▸ Data for processing
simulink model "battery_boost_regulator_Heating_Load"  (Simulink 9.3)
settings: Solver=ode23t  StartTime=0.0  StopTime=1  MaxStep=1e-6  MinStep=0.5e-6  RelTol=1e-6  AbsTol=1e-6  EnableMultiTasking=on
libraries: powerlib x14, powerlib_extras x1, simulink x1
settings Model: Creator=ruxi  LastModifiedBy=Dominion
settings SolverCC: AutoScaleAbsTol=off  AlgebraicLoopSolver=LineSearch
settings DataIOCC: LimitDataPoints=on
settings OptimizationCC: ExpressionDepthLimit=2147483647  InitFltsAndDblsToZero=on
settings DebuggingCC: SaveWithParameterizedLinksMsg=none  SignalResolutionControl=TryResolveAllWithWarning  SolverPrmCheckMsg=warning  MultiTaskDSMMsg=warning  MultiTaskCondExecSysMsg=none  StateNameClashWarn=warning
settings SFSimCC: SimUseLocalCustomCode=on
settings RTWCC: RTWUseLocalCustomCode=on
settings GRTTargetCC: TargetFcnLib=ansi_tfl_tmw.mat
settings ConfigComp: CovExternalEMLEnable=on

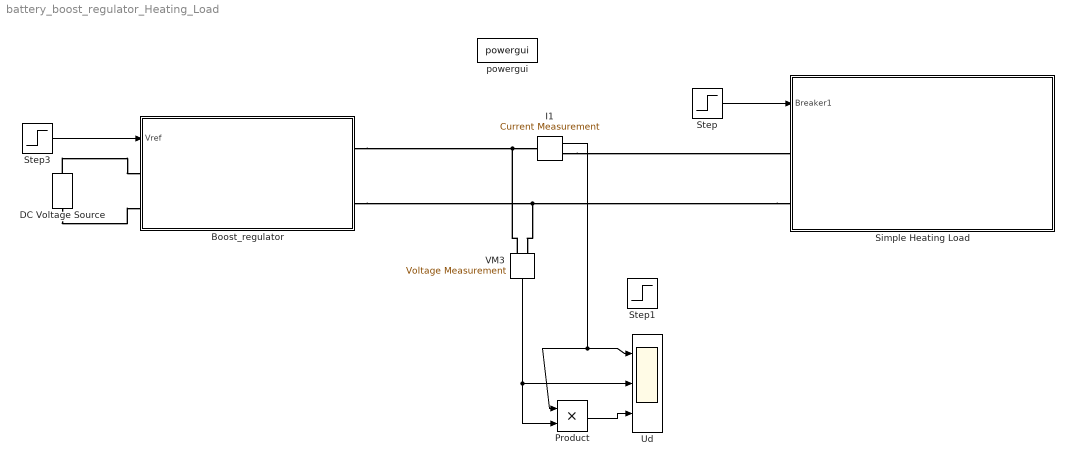
== system battery_boost_regulator_Heating_Load ==
  Boost_regulator : Subsystem
  DC Voltage Source : powerlib/Electrical Sources/DC Voltage Source  Amplitude=45  Measurements=None
      settings: SourceProductName=Simscape Electrical
  I1 : powerlib/Measurements/Current Measurement  Tag=PoWeRsYsTeMmEaSuReMeNt  PhasorSimulation=off  OutputType=Magnitude  PSBequivalent=0
      settings: SourceProductName=Simscape Electrical
  Product : Product  RndMeth=Zero
  Simple Heating Load : Subsystem
  Step : Step  Time=0.1  SampleTime=0
  Step1 : Step  Time=0.3  SampleTime=0
  Step3 : Step  Time=0  After=300  SampleTime=0
  Ud : Scope  NumInputPorts=3
  VM3 : powerlib/Measurements/Voltage Measurement  PhasorSimulation=off  OutputType=Complex  PSBequivalent=0
      settings: SourceProductName=Simscape Electrical
  powergui : powerlib/powergui  SimulationMode=Discrete  SampleTime=1e-5  frequency=60  Iterations=50  frequencyindice=0  Pbase=100e6  ErrMax=1e-4  UnitsV=kV  UnitsW=MW  buscounter=0  FunctionMessages=off  echomessages=off  EnableUseOfTLC=off  CurrentSourceSwitches=off  DisableSnubberDevices=off  DisableRonSwitches=off  DisableVfSwitches=off  DisplayEquations=off  AutomaticDiscreteSolvers=off  SolverType=Tustin/Backward Euler (TBE)  Interpol=off  ExternalGateDelay=off  methode=off  Ts=0  x0status=blocks  SPID=on  SwTol=0  HookPort=off  NonlinearTolerance=0  nMaxIteration=15  ContinueOnMaxIteration=off  RestoreLinks=warning  ResistiveCurrentMeasurement=off  Frange=[0:2:500]  Ylog=off  Xlog=on  ShowGrid=off  save=off  variable=ZData  structure=0  ZoomFFT=on  StartTime=0.0  cycles=1  DisplayStyle=1  fundamental=60  FreqAxis=off  MaxFrequency=1000  frequencyindicesteady=1  RmsSteady=1  display=off
      settings: SourceProductName=Simscape Electrical
  wires:
  Step/1 -> Simple Heating Load/1(Breaker1)
  I1/1 -> Ud/1, Product/1
  VM3/1 -> Ud/2, Product/2
  Product/1 -> Ud/3
  Step3/1 -> Boost_regulator/1(Vref)
  connections:
  VM3/LConn1 -- Boost_regulator/RConn1 -- I1/LConn1
  Simple Heating Load/LConn2 -- Boost_regulator/RConn2 -- VM3/LConn2
  I1/RConn1 -- Simple Heating Load/LConn1
  DC Voltage Source/RConn1 -- Boost_regulator/LConn1
  DC Voltage Source/LConn1 -- Boost_regulator/LConn2

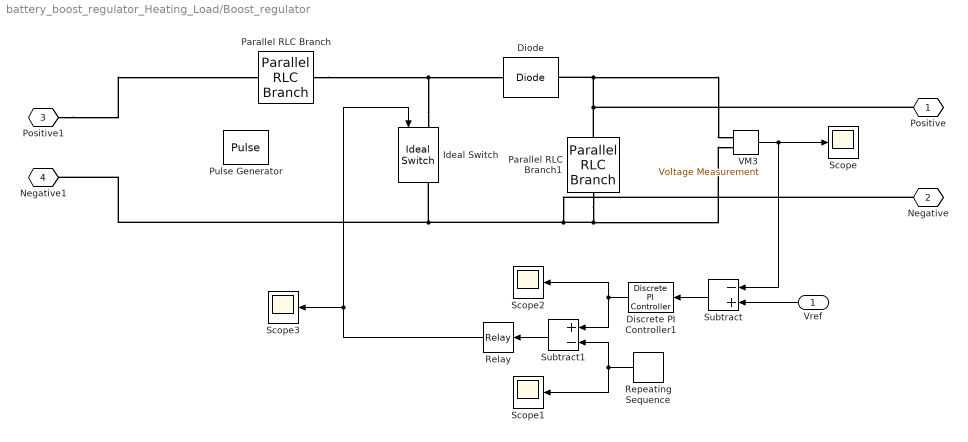
== system battery_boost_regulator_Heating_Load/Boost_regulator ==
  Vref : Inport
  Diode : powerlib/Power Electronics/Diode  Ron=0.001  Lon=0  Vf=0  IC=0  UseSnubber=0  Rs=50000  Cs=250e-9  Measurements=off
      settings: SourceProductName=Simscape Electrical
  Discrete PI Controller1 : powerlib_extras/Discrete  Control Blocks/Discrete PI Controller  Kp=0.001  Ki=0.2  Par_Limits=[10 -10]  Init=0  Ts=1e-6
      settings: SourceProductName=Simscape Electrical
  Ideal Switch : powerlib/Power Electronics/Ideal Switch  Ron=0.001  Lon=0  IC=0  Rs=1e5  Cs=inf  Measurements=on
      settings: SourceProductName=Simscape Electrical
  Parallel RLC Branch : powerlib/Elements/Parallel RLC Branch  LConnTagsString=a  RConnTagsString=__new0  BranchType=L  Resistance=1  Inductance=1e-3  SetiL0=off  InitialCurrent=0  Capacitance=1e-6  Setx0=off  InitialVoltage=0  Measurements=None
      settings: SourceProductName=Simscape Electrical
  Parallel RLC Branch1 : powerlib/Elements/Parallel RLC Branch  LConnTagsString=a  RConnTagsString=__new0  BranchType=C  Resistance=1  Inductance=1e-3  SetiL0=off  InitialCurrent=0  Capacitance=1e-3  Setx0=on  InitialVoltage=100  Measurements=None
      settings: SourceProductName=Simscape Electrical
  Pulse Generator : DiscretePulseGenerator  PulseType=Time based  Period=1e-3  PulseWidth=90
  Relay : Relay  OnSwitchValue=0.01  OffSwitchValue=-0.01
  Repeating Sequence : simulink/Sources/Repeating Sequence  rep_seq_t=[0 1e-3 2e-3]  rep_seq_y=[-10 10 -10]
  Scope{,1..3} (4 alike) : Scope
  Subtract : Sum  Inputs=-+
  Subtract1 : Sum  Inputs=+-
  VM3 : powerlib/Measurements/Voltage Measurement  PhasorSimulation=off  OutputType=Complex  PSBequivalent=0
      settings: SourceProductName=Simscape Electrical
  Positive : PMIOPort  Tag=PMCPort  Side=Right
  Negative : PMIOPort  Tag=PMCPort  Port=2  Side=Right
  Positive1 : PMIOPort  Tag=PMCPort  Port=3  Side=Left
  Negative1 : PMIOPort  Tag=PMCPort  Port=4  Side=Left
  wires:
  VM3/1 -> Scope/1, Subtract/1
  Vref/1 -> Subtract/2
  Subtract/1 -> Discrete PI Controller1/1
  Discrete PI Controller1/1 -> Subtract1/1, Scope2/1
  Repeating Sequence/1 -> Subtract1/2, Scope1/1
  Subtract1/1 -> Relay/1
  Relay/1 -> Ideal Switch/1, Scope3/1
  connections:
  Ideal Switch/LConn1 -- Parallel RLC Branch/LConn1 -- Diode/LConn1
  Parallel RLC Branch1/LConn1 -- Diode/RConn1 -- VM3/LConn1 -- Positive/RConn1
  Negative1/RConn1 -- Ideal Switch/RConn1 -- VM3/LConn2 -- Parallel RLC Branch1/RConn1 -- Negative/RConn1
  Positive1/RConn1 -- Parallel RLC Branch/RConn1

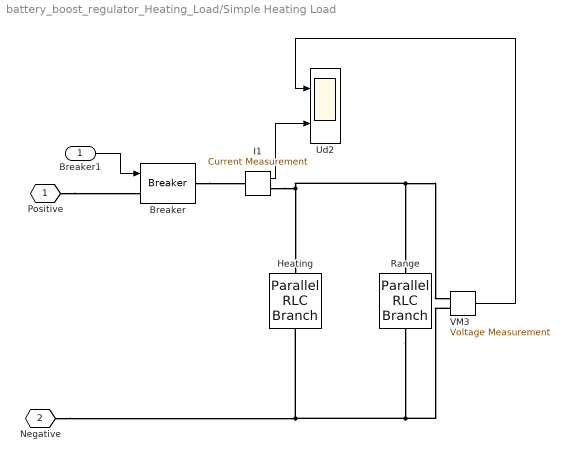
== system battery_boost_regulator_Heating_Load/Simple Heating Load ==
  Breaker1 : Inport
  Breaker : powerlib/Elements/Breaker  InitialState=0  SwitchingTimes="[ 1/60  5/60 ]"  External=on  BreakerResistance=0.01  SnubberResistance=1e6  SnubberCapacitance=inf  Measurements=None  MoreParameters=off  NoBreakLoop=off
      settings: SourceProductName=Simscape Electrical
  Heating : powerlib/Elements/Parallel RLC Branch  LConnTagsString=a  RConnTagsString=__new0  BranchType=R  Resistance=90  Inductance=1e-3  SetiL0=off  InitialCurrent=0  Capacitance=1e-6  Setx0=off  InitialVoltage=0  Measurements=None
      settings: SourceProductName=Simscape Electrical
  I1 : powerlib/Measurements/Current Measurement  Tag=PoWeRsYsTeMmEaSuReMeNt  PhasorSimulation=off  OutputType=Magnitude  PSBequivalent=0
      settings: SourceProductName=Simscape Electrical
  Range : powerlib/Elements/Parallel RLC Branch  LConnTagsString=a  RConnTagsString=__new0  BranchType=R  Resistance=90  Inductance=1e-3  SetiL0=off  InitialCurrent=0  Capacitance=1e-6  Setx0=off  InitialVoltage=0  Measurements=None
      settings: SourceProductName=Simscape Electrical
  Ud2 : Scope  NumInputPorts=2
  VM3 : powerlib/Measurements/Voltage Measurement  PhasorSimulation=off  OutputType=Complex  PSBequivalent=0
      settings: SourceProductName=Simscape Electrical
  Positive : PMIOPort  Tag=PMCPort  Side=Left
  Negative : PMIOPort  Tag=PMCPort  Port=2  Side=Left
  wires:
  I1/1 -> Ud2/2
  VM3/1 -> Ud2/1
  Breaker1/1 -> Breaker/1
  connections:
  VM3/LConn1 -- Heating/LConn1 -- I1/RConn1 -- Range/LConn1
  VM3/LConn2 -- Negative/RConn1 -- Heating/RConn1 -- Range/RConn1
  Breaker/RConn1 -- I1/LConn1
  Positive/RConn1 -- Breaker/LConn1

▸ What you need to do
For every line above that has "Simple" in it, copy the line.

▸ Exercise result
  Simple Heating Load : Subsystem
  Step/1 -> Simple Heating Load/1(Breaker1)
  Simple Heating Load/LConn2 -- Boost_regulator/RConn2 -- VM3/LConn2
  I1/RConn1 -- Simple Heating Load/LConn1
== system battery_boost_regulator_Heating_Load/Simple Heating Load ==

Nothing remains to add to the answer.